Process model for data-driven business model generation
Year: 2017
Editor: Anja Maier, Stanko Škec, Harrison Kim, Michael Kokkolaras, Josef Oehmen, Georges Fadel, Filippo Salustri, Mike Van der Loos
Author: Benta, Christian; Wilberg, Julian; Hollauer, Christoph; Omer, Mayada
Series: ICED
Institution: Technical University of Munich, Germany
Section: Design Processes, Design Organisation and Management
Page(s): 347-356
Abstract
Digitalization is advancing fast and at the same time the volume of data is increasing. Examples from industry show that business models using big data can lead to competitive advantages. Currently the number of smart products is rising, which means more data will be available to engineering companies.

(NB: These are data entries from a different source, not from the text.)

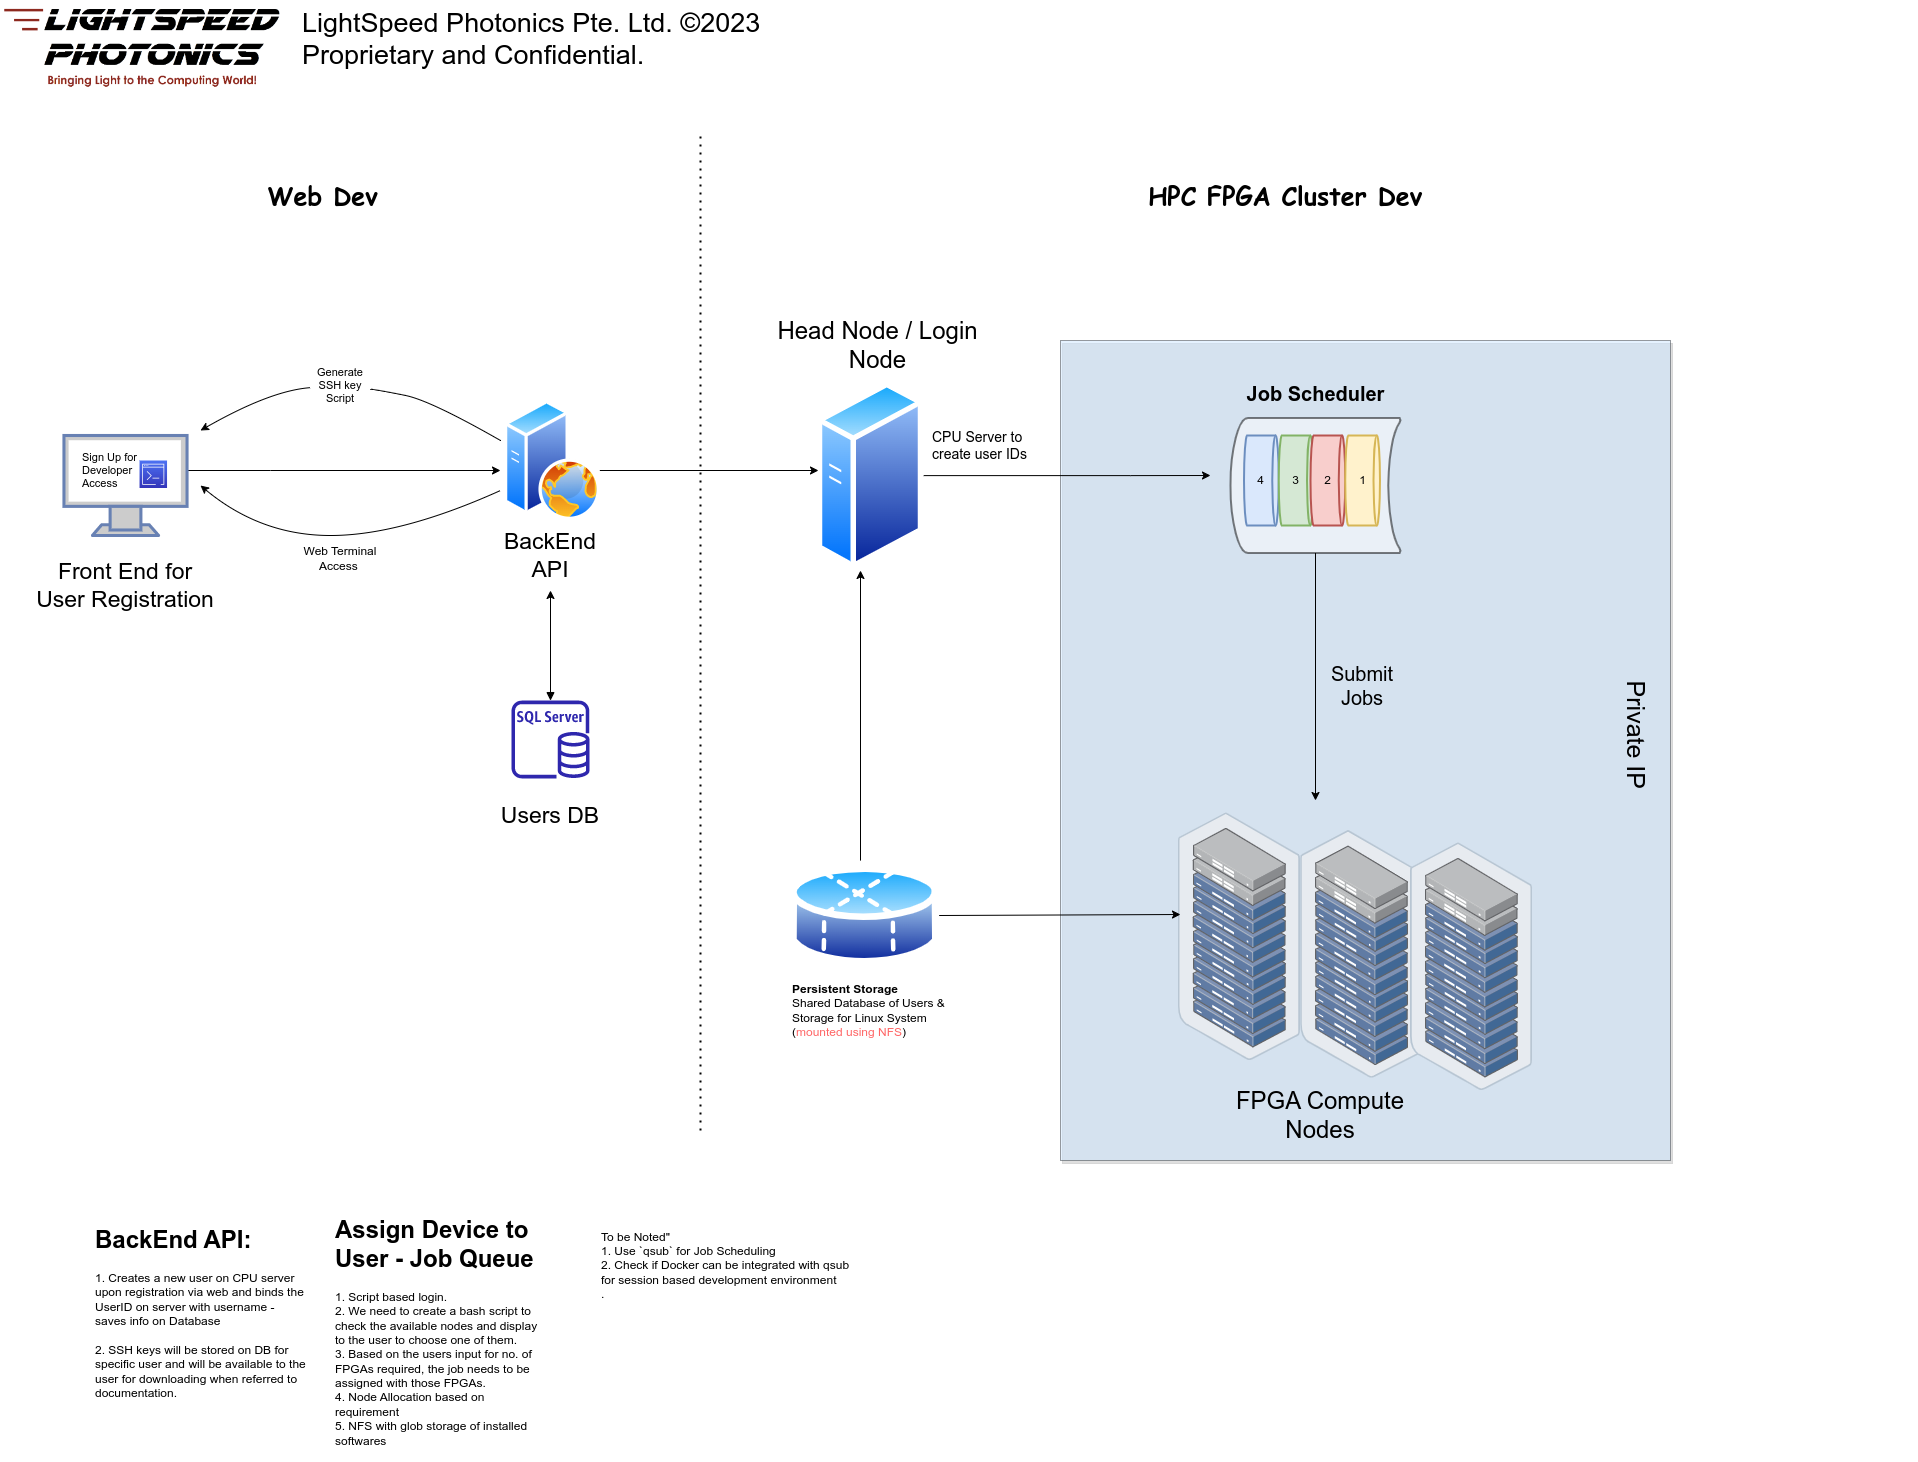

The diagram above was exported from draw.io. Its source (the exported page's mxGraphModel, read from the mxfile embedded in the PNG):
<mxGraphModel dx="3198" dy="1738" grid="1" gridSize="10" guides="1" tooltips="1" connect="1" arrows="1" fold="1" page="0" pageScale="1" pageWidth="850" pageHeight="1100" math="0" shadow="0">
  <root>
    <mxCell id="0" />
    <mxCell id="1" parent="0" />
    <mxCell id="WFlUK9KqOSCon0DfgmA6-15" value="" style="rounded=0;whiteSpace=wrap;html=1;labelBackgroundColor=#824040;labelBorderColor=none;fontSize=14;opacity=50;glass=0;shadow=1;fillColor=#cce5ff;strokeColor=#36393d;" parent="1" vertex="1">
      <mxGeometry x="680" y="260" width="610" height="820" as="geometry" />
    </mxCell>
    <mxCell id="WFlUK9KqOSCon0DfgmA6-54" style="edgeStyle=orthogonalEdgeStyle;rounded=0;orthogonalLoop=1;jettySize=auto;html=1;" parent="1" source="WFlUK9KqOSCon0DfgmA6-52" edge="1">
      <mxGeometry relative="1" as="geometry">
        <mxPoint x="935" y="720" as="targetPoint" />
      </mxGeometry>
    </mxCell>
    <mxCell id="WFlUK9KqOSCon0DfgmA6-52" value="" style="strokeWidth=2;html=1;shape=mxgraph.flowchart.stored_data;whiteSpace=wrap;textOpacity=20;opacity=50;" parent="1" vertex="1">
      <mxGeometry x="850" y="337.5" width="170" height="135" as="geometry" />
    </mxCell>
    <mxCell id="WFlUK9KqOSCon0DfgmA6-1" style="edgeStyle=orthogonalEdgeStyle;rounded=0;orthogonalLoop=1;jettySize=auto;html=1;fontSize=23;" parent="1" source="WFlUK9KqOSCon0DfgmA6-2" edge="1">
      <mxGeometry relative="1" as="geometry">
        <mxPoint x="120" y="390" as="targetPoint" />
        <Array as="points">
          <mxPoint x="-110" y="390" />
          <mxPoint x="-110" y="390" />
        </Array>
      </mxGeometry>
    </mxCell>
    <mxCell id="WFlUK9KqOSCon0DfgmA6-2" value="" style="fontColor=#0066CC;verticalAlign=top;verticalLabelPosition=bottom;labelPosition=center;align=center;html=1;outlineConnect=0;fillColor=#CCCCCC;strokeColor=#6881B3;gradientColor=none;gradientDirection=north;strokeWidth=2;shape=mxgraph.networks.monitor;fontSize=23;" parent="1" vertex="1">
      <mxGeometry x="-316.53999999999996" y="355" width="123.08" height="100" as="geometry" />
    </mxCell>
    <mxCell id="WFlUK9KqOSCon0DfgmA6-3" value="Front End for User Registration" style="text;html=1;strokeColor=none;fillColor=none;align=center;verticalAlign=middle;whiteSpace=wrap;rounded=0;fontSize=23;" parent="1" vertex="1">
      <mxGeometry x="-350" y="490" width="190" height="30" as="geometry" />
    </mxCell>
    <mxCell id="WFlUK9KqOSCon0DfgmA6-4" value="" style="group" parent="1" vertex="1" connectable="0">
      <mxGeometry x="400" y="325" width="180" height="200" as="geometry" />
    </mxCell>
    <mxCell id="WFlUK9KqOSCon0DfgmA6-5" value="" style="aspect=fixed;perimeter=ellipsePerimeter;html=1;align=center;shadow=0;dashed=0;spacingTop=3;image;image=img/lib/active_directory/generic_server.svg;fontSize=23;" parent="WFlUK9KqOSCon0DfgmA6-4" vertex="1">
      <mxGeometry x="36.80000000000001" y="-25" width="106.4" height="190" as="geometry" />
    </mxCell>
    <mxCell id="WFlUK9KqOSCon0DfgmA6-6" style="edgeStyle=orthogonalEdgeStyle;rounded=0;orthogonalLoop=1;jettySize=auto;html=1;fontSize=23;" parent="1" source="WFlUK9KqOSCon0DfgmA6-13" edge="1">
      <mxGeometry relative="1" as="geometry">
        <mxPoint x="440" y="390" as="targetPoint" />
        <Array as="points">
          <mxPoint x="438" y="390" />
        </Array>
      </mxGeometry>
    </mxCell>
    <mxCell id="WFlUK9KqOSCon0DfgmA6-7" style="edgeStyle=orthogonalEdgeStyle;rounded=0;orthogonalLoop=1;jettySize=auto;html=1;fontSize=23;startArrow=block;startFill=1;" parent="1" source="WFlUK9KqOSCon0DfgmA6-10" edge="1">
      <mxGeometry relative="1" as="geometry">
        <mxPoint x="170" y="510" as="targetPoint" />
      </mxGeometry>
    </mxCell>
    <mxCell id="WFlUK9KqOSCon0DfgmA6-8" value="" style="group" parent="1" vertex="1" connectable="0">
      <mxGeometry x="80" y="620" width="180" height="130" as="geometry" />
    </mxCell>
    <mxCell id="WFlUK9KqOSCon0DfgmA6-9" value="Users DB" style="text;html=1;strokeColor=none;fillColor=none;align=center;verticalAlign=middle;whiteSpace=wrap;rounded=0;fontSize=23;" parent="WFlUK9KqOSCon0DfgmA6-8" vertex="1">
      <mxGeometry y="100" width="180" height="30" as="geometry" />
    </mxCell>
    <mxCell id="WFlUK9KqOSCon0DfgmA6-10" value="" style="sketch=0;outlineConnect=0;fontColor=#232F3E;gradientColor=none;fillColor=#2E27AD;strokeColor=none;dashed=0;verticalLabelPosition=bottom;verticalAlign=top;align=center;html=1;fontSize=12;fontStyle=0;aspect=fixed;pointerEvents=1;shape=mxgraph.aws4.rds_sql_server_instance;" parent="WFlUK9KqOSCon0DfgmA6-8" vertex="1">
      <mxGeometry x="51" width="78" height="78" as="geometry" />
    </mxCell>
    <mxCell id="WFlUK9KqOSCon0DfgmA6-11" value="" style="group" parent="1" vertex="1" connectable="0">
      <mxGeometry x="110" y="320" width="120" height="170" as="geometry" />
    </mxCell>
    <mxCell id="WFlUK9KqOSCon0DfgmA6-12" value="BackEnd API" style="text;html=1;strokeColor=none;fillColor=none;align=center;verticalAlign=middle;whiteSpace=wrap;rounded=0;fontSize=23;" parent="WFlUK9KqOSCon0DfgmA6-11" vertex="1">
      <mxGeometry y="140" width="120" height="30" as="geometry" />
    </mxCell>
    <mxCell id="WFlUK9KqOSCon0DfgmA6-13" value="" style="aspect=fixed;perimeter=ellipsePerimeter;html=1;align=center;shadow=0;dashed=0;spacingTop=3;image;image=img/lib/active_directory/web_server.svg;fontSize=23;" parent="WFlUK9KqOSCon0DfgmA6-11" vertex="1">
      <mxGeometry x="13.999999999999986" width="96" height="120" as="geometry" />
    </mxCell>
    <mxCell id="WFlUK9KqOSCon0DfgmA6-14" value="" style="group" parent="1" vertex="1" connectable="0">
      <mxGeometry x="810" y="720" width="726.6" height="440" as="geometry" />
    </mxCell>
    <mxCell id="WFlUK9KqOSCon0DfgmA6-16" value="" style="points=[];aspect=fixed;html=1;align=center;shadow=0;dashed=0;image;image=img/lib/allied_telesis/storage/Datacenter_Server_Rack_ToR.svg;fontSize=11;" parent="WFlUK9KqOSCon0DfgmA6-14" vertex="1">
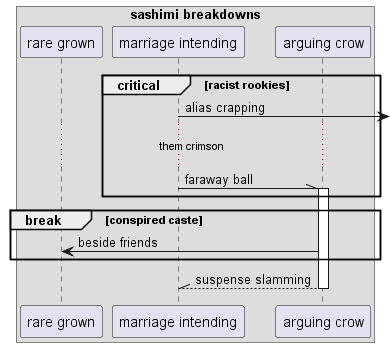

The diagram above was rendered by PlantUML. Its source (embedded in the PNG):
@startuml
box "sashimi breakdowns"
participant "rare grown" as 0
participant "marriage intending" as 1
participant "arguing crow" as 2
end box
critical racist rookies
1 ->] : alias crapping
...them crimson...
1 -\\ 2++ : faraway ball
end
break conspired caste
2 -> 0: beside friends
end
return suspense slamming
@enduml
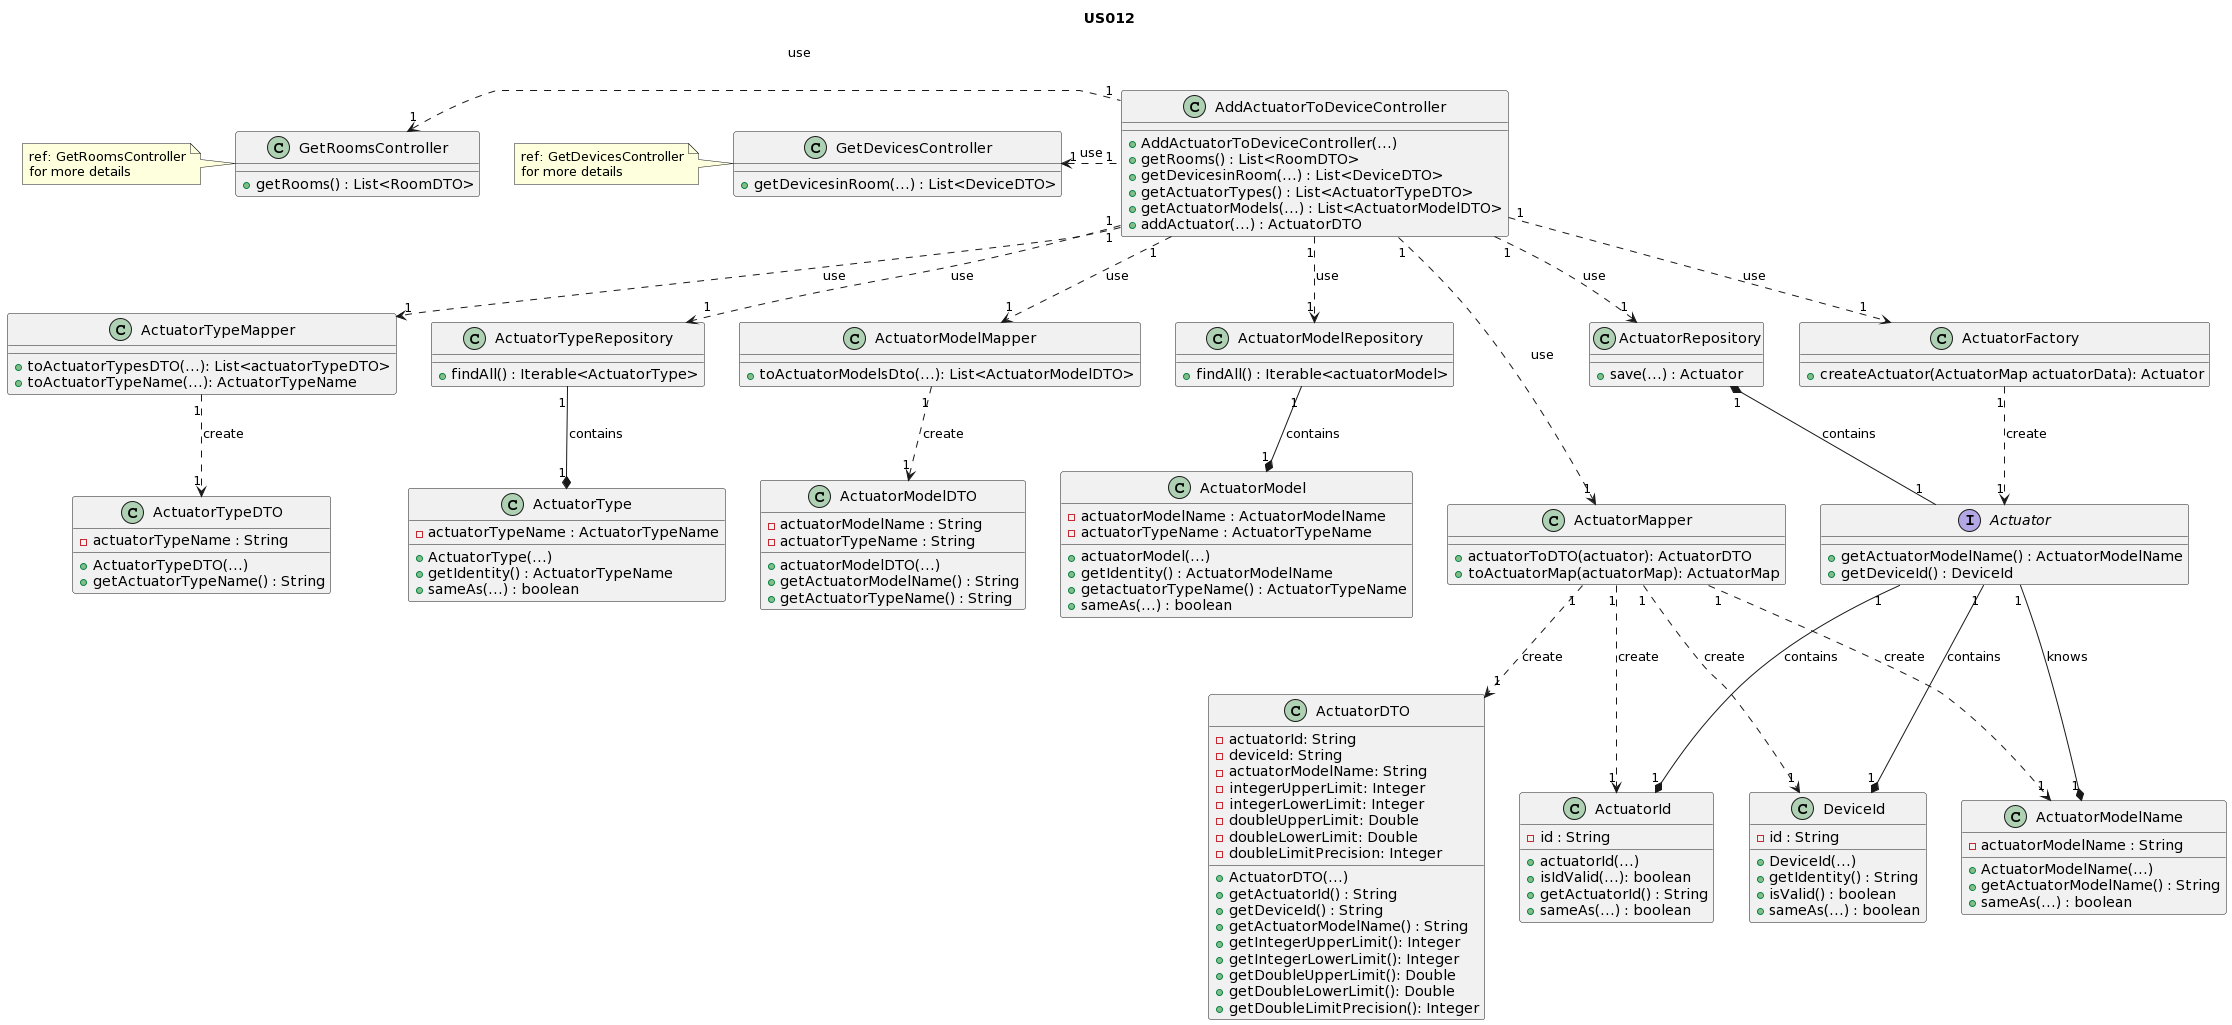

The diagram above was rendered by PlantUML. Its source (embedded in the PNG):
@startuml
title US012

/'
As a Power User [or Administrator], I want to add an actuator to an existing
device in a room. The actuator must be of a model of an existing type of actuator.
'/

class ActuatorTypeDTO {
    - actuatorTypeName : String
    + ActuatorTypeDTO(...)
    + getActuatorTypeName() : String

}

class ActuatorModelDTO {
    - actuatorModelName : String
    - actuatorTypeName : String
    + actuatorModelDTO(...)
    + getActuatorModelName() : String
    + getActuatorTypeName() : String
}

class ActuatorDTO {
    - actuatorId: String
    - deviceId: String
    - actuatorModelName: String
    - integerUpperLimit: Integer
    - integerLowerLimit: Integer
    - doubleUpperLimit: Double
    - doubleLowerLimit: Double
    - doubleLimitPrecision: Integer
    + ActuatorDTO(...)
    + getActuatorId() : String
    + getDeviceId() : String
    + getActuatorModelName() : String
    + getIntegerUpperLimit(): Integer
    + getIntegerLowerLimit(): Integer
    + getDoubleUpperLimit(): Double
    + getDoubleLowerLimit(): Double
    + getDoubleLimitPrecision(): Integer
}


class ActuatorTypeMapper {
    + toActuatorTypesDTO(...): List<actuatorTypeDTO>
    + toActuatorTypeName(...): ActuatorTypeName
}

class ActuatorTypeRepository {
+ findAll() : Iterable<ActuatorType>
}

class ActuatorModelMapper {
    + toActuatorModelsDto(...): List<ActuatorModelDTO>
}

class ActuatorModelRepository {
+ findAll() : Iterable<actuatorModel>
}

class AddActuatorToDeviceController {
 + AddActuatorToDeviceController(...)
 + getRooms() : List<RoomDTO>
 + getDevicesinRoom(...) : List<DeviceDTO>
 + getActuatorTypes() : List<ActuatorTypeDTO>
 + getActuatorModels(...) : List<ActuatorModelDTO>
 + addActuator(...) : ActuatorDTO
}

class GetRoomsController {
+ getRooms() : List<RoomDTO>
}

note left of GetRoomsController : ref: GetRoomsController\nfor more details

class GetDevicesController {
   + getDevicesinRoom(...) : List<DeviceDTO>
}

note left of GetDevicesController : ref: GetDevicesController\nfor more details

class ActuatorMapper {
    + actuatorToDTO(actuator): ActuatorDTO
    + toActuatorMap(actuatorMap): ActuatorMap
}

class ActuatorFactory {
    + createActuator(ActuatorMap actuatorData): Actuator
}

class ActuatorRepository {
+ save(...) : Actuator
}

class ActuatorType {
- actuatorTypeName : ActuatorTypeName
+ ActuatorType(...)
+ getIdentity() : ActuatorTypeName
+ sameAs(...) : boolean
}

class ActuatorModel {
- actuatorModelName : ActuatorModelName
- actuatorTypeName : ActuatorTypeName
+ actuatorModel(...)
+ getIdentity() : ActuatorModelName
+ getactuatorTypeName() : ActuatorTypeName
+ sameAs(...) : boolean
}

interface Actuator {
+ getActuatorModelName() : ActuatorModelName
+ getDeviceId() : DeviceId
}

class DeviceId {
- id : String
+ DeviceId(...)
+ getIdentity() : String
+ isValid() : boolean
+ sameAs(...) : boolean
}

class ActuatorId {
- id : String
+ actuatorId(...)
+ isIdValid(...): boolean
+ getActuatorId() : String
+ sameAs(...) : boolean
}

class ActuatorModelName {
- actuatorModelName : String
+ ActuatorModelName(...)
+ getActuatorModelName() : String
+ sameAs(...) : boolean
}


AddActuatorToDeviceController  "1" .left.> "1" GetRoomsController : use
AddActuatorToDeviceController "1" .left.> "1" GetDevicesController : use
AddActuatorToDeviceController  "1" ..> "1" ActuatorTypeRepository : use
AddActuatorToDeviceController "1" ..> "1" ActuatorModelRepository : use
AddActuatorToDeviceController  "1" ..> "1" ActuatorMapper : use
AddActuatorToDeviceController  "1" ..> "1" ActuatorFactory : use
AddActuatorToDeviceController  "1" ..> "1" ActuatorRepository : use
AddActuatorToDeviceController  "1" ..> "1" ActuatorTypeMapper : use
AddActuatorToDeviceController  "1" ..> "1" ActuatorModelMapper : use

ActuatorTypeRepository  "1" --* "1" ActuatorType : contains
ActuatorModelRepository  "1" --* "1" ActuatorModel : contains
ActuatorRepository  "1" *-- "1" Actuator : contains
ActuatorTypeMapper  "1" ..> "1" ActuatorTypeDTO : create
ActuatorModelMapper  "1" ..> "1" ActuatorModelDTO : create
ActuatorMapper  "1" ..> "1" ActuatorDTO : create
ActuatorMapper  "1" ..> "1" DeviceId : create
ActuatorMapper  "1" ..> "1" ActuatorModelName : create
ActuatorMapper  "1" ..> "1" ActuatorId: create
ActuatorFactory  "1" ..> "1" Actuator : create

Actuator "1" --* "1" DeviceId : contains
Actuator "1" --* "1" ActuatorModelName : knows
Actuator "1" --* "1" ActuatorId : contains
@enduml

The challenge is to extract additional profits and value from it. The literature review revealed that existing process models and methods for business model generation do not consider data in a distinct way. This paper synthesises existing work on business model generation and experience gained during a case study in an engineering student project to develop additional support for the generation of data-driven business models. The developed business model canvas helps to better outline the data requirements of business models. The developed process model describes the important phases for generating data-driven business models. The results of the case study indicate that the support helps to make the data perspective more visible and leads to new ideas. Furthermore, the support improves the coordination between product and business model development. The paper closes with a outlook.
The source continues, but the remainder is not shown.